### TASK PROMPT
From the line that contains "arc A7 (-134.54, -39.41)" to the last line of the entries, write each line out exactly; include both ends and nothing else.

### INFORMATION PROVIDED
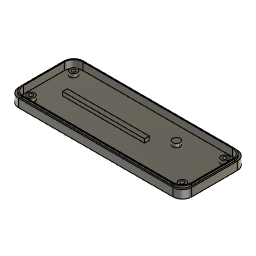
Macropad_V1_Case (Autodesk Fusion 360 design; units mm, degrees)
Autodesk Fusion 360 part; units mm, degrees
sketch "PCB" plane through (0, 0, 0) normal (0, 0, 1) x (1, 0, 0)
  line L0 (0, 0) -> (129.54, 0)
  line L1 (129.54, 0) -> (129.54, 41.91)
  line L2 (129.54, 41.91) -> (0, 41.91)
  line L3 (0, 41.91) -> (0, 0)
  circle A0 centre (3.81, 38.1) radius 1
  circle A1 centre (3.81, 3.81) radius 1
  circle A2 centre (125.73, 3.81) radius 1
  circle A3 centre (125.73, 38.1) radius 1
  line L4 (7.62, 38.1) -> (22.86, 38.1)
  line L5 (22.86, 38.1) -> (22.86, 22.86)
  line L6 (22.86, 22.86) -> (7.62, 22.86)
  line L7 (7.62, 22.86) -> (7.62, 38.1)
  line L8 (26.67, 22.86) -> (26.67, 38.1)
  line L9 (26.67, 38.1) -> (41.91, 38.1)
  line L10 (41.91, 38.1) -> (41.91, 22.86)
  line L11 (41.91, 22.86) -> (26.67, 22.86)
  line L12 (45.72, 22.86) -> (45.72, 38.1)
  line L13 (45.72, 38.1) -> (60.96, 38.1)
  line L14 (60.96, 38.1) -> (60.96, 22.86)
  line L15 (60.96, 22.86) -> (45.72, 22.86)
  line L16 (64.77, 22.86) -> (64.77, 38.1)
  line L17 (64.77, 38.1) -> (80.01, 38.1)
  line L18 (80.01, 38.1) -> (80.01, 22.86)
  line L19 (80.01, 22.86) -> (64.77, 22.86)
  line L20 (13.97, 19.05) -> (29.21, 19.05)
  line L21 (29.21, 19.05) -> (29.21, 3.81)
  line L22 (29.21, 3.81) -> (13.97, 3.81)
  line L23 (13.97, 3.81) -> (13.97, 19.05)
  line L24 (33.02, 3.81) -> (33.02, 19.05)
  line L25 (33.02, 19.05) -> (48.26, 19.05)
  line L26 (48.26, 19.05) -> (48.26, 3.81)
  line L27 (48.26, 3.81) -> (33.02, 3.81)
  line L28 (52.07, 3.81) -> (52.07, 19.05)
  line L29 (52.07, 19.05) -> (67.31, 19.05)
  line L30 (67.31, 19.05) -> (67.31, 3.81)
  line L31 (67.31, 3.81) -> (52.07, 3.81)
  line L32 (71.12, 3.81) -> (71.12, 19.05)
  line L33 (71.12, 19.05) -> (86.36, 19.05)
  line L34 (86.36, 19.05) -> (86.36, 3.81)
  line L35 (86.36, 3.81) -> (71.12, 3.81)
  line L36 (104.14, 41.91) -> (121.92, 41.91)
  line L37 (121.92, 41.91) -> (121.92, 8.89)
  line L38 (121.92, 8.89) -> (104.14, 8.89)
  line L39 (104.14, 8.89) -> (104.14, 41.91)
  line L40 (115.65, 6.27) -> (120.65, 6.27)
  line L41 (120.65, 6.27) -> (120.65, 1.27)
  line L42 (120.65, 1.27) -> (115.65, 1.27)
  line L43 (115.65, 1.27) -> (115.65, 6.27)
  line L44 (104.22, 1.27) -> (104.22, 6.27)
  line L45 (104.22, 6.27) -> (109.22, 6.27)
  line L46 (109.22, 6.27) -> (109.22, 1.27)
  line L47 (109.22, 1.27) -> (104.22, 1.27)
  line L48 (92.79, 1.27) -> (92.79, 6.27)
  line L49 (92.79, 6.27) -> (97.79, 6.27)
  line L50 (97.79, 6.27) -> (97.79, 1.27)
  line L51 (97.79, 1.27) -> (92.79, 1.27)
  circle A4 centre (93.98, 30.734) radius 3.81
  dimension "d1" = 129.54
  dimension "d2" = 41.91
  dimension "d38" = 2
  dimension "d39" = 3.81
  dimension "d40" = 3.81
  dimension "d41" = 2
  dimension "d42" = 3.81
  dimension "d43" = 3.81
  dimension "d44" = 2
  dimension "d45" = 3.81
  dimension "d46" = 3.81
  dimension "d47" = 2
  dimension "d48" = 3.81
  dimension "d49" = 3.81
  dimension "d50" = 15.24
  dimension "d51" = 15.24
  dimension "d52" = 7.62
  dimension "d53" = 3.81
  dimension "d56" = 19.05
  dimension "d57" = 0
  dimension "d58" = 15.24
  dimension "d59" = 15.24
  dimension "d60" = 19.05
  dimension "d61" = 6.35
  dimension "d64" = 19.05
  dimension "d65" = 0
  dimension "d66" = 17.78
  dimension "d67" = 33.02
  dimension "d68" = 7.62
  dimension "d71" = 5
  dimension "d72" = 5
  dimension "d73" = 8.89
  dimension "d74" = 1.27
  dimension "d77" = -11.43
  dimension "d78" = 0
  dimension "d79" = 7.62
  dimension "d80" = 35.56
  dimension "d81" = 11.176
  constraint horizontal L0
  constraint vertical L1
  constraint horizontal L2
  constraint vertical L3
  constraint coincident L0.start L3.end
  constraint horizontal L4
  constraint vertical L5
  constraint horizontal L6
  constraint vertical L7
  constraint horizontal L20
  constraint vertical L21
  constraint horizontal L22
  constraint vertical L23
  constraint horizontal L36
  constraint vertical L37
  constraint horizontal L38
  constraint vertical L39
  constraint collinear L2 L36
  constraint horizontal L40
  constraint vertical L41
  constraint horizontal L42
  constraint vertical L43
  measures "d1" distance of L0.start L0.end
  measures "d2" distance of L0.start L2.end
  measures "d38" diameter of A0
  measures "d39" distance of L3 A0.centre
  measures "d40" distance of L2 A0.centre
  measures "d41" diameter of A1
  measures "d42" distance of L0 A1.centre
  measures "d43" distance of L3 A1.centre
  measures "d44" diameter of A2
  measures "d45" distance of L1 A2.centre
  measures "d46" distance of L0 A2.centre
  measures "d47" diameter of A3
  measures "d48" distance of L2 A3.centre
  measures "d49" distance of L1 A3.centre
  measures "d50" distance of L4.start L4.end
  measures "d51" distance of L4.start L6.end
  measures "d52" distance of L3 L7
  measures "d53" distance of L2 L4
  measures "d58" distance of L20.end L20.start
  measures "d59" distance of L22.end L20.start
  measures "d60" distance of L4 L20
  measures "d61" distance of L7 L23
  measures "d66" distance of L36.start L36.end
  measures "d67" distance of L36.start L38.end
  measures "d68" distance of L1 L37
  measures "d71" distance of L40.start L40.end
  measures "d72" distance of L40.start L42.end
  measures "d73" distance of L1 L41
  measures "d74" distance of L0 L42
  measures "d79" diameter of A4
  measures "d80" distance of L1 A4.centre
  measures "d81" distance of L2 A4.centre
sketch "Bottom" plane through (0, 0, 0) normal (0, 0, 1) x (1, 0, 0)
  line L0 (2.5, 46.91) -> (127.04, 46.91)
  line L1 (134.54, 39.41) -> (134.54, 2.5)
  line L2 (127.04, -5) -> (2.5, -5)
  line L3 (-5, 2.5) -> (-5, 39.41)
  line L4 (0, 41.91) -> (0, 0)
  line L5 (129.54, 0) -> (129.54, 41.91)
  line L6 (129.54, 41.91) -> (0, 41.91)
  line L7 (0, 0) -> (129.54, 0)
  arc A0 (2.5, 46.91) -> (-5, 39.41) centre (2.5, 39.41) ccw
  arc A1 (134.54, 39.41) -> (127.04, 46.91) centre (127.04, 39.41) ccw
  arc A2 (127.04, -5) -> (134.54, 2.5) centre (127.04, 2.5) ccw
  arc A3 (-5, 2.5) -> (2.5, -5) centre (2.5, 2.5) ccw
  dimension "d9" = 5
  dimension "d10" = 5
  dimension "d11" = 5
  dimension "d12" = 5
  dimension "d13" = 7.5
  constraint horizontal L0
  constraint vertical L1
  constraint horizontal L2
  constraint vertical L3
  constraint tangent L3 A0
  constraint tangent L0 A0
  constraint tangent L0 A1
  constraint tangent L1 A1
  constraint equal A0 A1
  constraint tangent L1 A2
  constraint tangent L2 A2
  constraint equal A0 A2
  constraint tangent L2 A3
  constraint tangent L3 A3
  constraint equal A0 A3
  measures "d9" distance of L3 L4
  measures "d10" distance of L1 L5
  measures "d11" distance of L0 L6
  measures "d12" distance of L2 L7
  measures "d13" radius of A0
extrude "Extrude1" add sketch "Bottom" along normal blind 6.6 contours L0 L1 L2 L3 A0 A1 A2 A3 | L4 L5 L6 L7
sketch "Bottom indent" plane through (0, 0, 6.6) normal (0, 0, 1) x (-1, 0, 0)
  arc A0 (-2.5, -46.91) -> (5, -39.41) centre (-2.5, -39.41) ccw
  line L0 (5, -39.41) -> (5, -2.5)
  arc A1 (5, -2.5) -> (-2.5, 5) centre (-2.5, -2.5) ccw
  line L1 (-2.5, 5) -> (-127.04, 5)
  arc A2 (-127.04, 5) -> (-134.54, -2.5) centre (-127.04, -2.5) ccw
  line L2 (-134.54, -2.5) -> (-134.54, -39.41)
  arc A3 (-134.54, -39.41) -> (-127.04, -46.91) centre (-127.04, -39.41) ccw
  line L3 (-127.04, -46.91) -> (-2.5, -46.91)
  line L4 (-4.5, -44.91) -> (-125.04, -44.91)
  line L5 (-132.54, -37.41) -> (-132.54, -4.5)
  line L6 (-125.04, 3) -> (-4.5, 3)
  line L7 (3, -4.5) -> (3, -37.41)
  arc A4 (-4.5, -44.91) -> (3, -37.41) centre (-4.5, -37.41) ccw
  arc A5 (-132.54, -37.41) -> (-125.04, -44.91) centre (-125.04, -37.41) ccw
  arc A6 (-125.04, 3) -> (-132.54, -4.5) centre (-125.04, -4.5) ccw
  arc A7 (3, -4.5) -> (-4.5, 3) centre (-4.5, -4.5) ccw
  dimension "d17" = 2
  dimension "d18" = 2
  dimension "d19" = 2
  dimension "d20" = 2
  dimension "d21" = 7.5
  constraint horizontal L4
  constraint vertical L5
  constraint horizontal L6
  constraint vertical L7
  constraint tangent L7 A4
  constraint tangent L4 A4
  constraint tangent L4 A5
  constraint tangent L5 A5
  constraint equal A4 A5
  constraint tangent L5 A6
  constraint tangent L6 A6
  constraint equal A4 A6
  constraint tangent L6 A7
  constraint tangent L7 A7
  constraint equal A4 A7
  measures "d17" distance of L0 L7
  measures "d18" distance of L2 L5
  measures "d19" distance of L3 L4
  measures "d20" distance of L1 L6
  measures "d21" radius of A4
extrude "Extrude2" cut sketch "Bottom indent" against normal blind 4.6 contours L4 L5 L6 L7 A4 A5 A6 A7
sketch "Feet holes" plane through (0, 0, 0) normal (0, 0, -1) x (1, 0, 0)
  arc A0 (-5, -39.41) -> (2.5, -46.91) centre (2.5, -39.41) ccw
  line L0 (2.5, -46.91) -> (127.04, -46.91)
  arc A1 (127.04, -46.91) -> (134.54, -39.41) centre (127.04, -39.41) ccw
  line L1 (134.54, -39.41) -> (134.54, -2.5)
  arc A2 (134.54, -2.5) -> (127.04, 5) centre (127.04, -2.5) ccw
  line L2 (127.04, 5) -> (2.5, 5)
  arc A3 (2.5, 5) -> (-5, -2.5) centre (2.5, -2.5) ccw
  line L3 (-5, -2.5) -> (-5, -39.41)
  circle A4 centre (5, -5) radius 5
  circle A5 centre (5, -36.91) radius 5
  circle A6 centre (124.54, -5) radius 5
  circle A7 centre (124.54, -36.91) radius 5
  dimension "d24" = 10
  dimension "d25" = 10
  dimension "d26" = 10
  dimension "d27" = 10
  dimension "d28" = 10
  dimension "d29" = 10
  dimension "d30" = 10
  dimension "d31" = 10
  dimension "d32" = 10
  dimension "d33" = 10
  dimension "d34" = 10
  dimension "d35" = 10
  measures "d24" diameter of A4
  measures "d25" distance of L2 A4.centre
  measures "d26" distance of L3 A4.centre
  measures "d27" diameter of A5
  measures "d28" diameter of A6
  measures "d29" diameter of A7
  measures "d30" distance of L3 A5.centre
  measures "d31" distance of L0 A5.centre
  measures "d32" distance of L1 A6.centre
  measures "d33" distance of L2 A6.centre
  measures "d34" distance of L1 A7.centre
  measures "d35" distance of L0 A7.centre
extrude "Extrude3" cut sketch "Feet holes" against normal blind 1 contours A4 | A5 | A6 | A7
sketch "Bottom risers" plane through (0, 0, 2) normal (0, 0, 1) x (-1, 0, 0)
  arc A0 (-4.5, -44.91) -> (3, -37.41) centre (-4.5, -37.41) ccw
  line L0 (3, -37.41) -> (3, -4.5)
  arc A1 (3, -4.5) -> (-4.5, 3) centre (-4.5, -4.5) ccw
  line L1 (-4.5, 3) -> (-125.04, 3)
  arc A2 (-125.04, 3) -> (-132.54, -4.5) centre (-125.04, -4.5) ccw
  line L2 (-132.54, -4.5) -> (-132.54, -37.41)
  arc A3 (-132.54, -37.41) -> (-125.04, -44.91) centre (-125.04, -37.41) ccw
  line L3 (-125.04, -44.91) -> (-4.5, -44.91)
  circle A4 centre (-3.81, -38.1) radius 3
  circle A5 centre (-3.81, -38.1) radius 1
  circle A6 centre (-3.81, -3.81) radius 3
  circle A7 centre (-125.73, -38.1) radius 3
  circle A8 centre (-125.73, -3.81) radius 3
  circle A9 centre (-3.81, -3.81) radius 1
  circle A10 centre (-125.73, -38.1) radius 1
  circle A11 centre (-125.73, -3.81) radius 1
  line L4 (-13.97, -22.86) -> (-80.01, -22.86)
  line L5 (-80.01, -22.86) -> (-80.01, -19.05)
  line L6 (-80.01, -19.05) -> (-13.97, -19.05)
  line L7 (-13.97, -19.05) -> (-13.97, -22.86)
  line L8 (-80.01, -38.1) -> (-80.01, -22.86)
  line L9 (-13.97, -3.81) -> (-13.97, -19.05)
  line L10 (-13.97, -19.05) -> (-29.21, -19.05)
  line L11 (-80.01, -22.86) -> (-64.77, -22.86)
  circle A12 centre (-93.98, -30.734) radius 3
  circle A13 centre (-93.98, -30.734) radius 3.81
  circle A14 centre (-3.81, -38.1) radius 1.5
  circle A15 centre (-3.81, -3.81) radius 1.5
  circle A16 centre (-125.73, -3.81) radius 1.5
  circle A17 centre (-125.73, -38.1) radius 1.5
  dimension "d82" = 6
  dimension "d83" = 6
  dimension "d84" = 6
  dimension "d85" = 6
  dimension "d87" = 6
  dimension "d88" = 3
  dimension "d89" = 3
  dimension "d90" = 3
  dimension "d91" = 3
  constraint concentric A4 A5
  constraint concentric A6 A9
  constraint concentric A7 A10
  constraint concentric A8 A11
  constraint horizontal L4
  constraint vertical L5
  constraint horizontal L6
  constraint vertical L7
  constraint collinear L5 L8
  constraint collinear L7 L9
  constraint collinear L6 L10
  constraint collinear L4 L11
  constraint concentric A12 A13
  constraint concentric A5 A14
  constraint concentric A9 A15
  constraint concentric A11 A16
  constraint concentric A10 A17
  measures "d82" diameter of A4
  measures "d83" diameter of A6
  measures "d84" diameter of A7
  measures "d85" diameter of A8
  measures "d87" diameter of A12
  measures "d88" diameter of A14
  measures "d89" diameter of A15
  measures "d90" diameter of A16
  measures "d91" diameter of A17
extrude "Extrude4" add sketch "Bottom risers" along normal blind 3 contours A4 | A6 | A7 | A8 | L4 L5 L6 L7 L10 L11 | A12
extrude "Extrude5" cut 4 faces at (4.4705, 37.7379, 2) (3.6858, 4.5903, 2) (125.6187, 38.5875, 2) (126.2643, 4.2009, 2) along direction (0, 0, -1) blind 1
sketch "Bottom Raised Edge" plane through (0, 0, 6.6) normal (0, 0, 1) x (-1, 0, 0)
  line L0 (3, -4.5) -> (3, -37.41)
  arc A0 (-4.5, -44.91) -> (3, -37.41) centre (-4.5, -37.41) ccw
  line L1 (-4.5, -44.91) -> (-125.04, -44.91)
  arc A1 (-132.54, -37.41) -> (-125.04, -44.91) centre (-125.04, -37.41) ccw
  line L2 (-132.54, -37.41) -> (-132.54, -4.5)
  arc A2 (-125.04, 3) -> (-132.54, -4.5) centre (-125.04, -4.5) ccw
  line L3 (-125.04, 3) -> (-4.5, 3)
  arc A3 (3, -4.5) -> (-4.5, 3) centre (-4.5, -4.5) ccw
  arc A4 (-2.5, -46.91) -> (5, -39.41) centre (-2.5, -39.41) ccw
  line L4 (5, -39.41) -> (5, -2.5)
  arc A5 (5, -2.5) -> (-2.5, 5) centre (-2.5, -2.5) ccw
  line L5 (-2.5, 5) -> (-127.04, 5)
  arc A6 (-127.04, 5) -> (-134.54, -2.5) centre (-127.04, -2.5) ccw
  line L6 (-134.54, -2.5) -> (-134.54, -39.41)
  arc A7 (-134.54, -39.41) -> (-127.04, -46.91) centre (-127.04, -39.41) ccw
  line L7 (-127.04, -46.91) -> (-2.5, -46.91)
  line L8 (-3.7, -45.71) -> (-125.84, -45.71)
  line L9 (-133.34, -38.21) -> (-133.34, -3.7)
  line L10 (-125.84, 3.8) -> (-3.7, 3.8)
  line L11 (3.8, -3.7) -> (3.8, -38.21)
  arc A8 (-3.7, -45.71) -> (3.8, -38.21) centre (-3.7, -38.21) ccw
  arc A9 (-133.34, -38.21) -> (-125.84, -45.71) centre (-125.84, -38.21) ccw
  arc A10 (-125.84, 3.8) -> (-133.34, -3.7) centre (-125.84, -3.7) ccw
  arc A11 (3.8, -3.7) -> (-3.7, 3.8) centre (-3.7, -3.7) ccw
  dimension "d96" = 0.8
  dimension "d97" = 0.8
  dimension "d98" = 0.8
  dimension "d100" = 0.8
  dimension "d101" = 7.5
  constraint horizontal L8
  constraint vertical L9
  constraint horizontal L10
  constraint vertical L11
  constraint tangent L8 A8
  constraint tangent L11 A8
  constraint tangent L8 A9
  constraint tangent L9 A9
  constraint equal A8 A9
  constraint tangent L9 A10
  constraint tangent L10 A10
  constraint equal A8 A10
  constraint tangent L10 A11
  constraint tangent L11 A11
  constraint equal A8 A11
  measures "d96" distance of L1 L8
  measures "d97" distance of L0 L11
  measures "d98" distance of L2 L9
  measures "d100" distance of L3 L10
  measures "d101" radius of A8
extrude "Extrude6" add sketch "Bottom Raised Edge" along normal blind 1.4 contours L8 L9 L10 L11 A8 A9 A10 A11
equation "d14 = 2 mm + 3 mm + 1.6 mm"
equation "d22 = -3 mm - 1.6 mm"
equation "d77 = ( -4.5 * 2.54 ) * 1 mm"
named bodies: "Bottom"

### WRITTEN ANSWER
  arc A7 (-134.54, -39.41) -> (-127.04, -46.91) centre (-127.04, -39.41) ccw
  line L7 (-127.04, -46.91) -> (-2.5, -46.91)
  line L8 (-3.7, -45.71) -> (-125.84, -45.71)
  line L9 (-133.34, -38.21) -> (-133.34, -3.7)
  line L10 (-125.84, 3.8) -> (-3.7, 3.8)
  line L11 (3.8, -3.7) -> (3.8, -38.21)
  arc A8 (-3.7, -45.71) -> (3.8, -38.21) centre (-3.7, -38.21) ccw
  arc A9 (-133.34, -38.21) -> (-125.84, -45.71) centre (-125.84, -38.21) ccw
  arc A10 (-125.84, 3.8) -> (-133.34, -3.7) centre (-125.84, -3.7) ccw
  arc A11 (3.8, -3.7) -> (-3.7, 3.8) centre (-3.7, -3.7) ccw
  dimension "d96" = 0.8
  dimension "d97" = 0.8
  dimension "d98" = 0.8
  dimension "d100" = 0.8
  dimension "d101" = 7.5
  constraint horizontal L8
  constraint vertical L9
  constraint horizontal L10
  constraint vertical L11
  constraint tangent L8 A8
  constraint tangent L11 A8
  constraint tangent L8 A9
  constraint tangent L9 A9
  constraint equal A8 A9
  constraint tangent L9 A10
  constraint tangent L10 A10
  constraint equal A8 A10
  constraint tangent L10 A11
  constraint tangent L11 A11
  constraint equal A8 A11
  measures "d96" distance of L1 L8
  measures "d97" distance of L0 L11
  measures "d98" distance of L2 L9
  measures "d100" distance of L3 L10
  measures "d101" radius of A8
extrude "Extrude6" add sketch "Bottom Raised Edge" along normal blind 1.4 contours L8 L9 L10 L11 A8 A9 A10 A11
equation "d14 = 2 mm + 3 mm + 1.6 mm"
equation "d22 = -3 mm - 1.6 mm"
equation "d77 = ( -4.5 * 2.54 ) * 1 mm"
named bodies: "Bottom"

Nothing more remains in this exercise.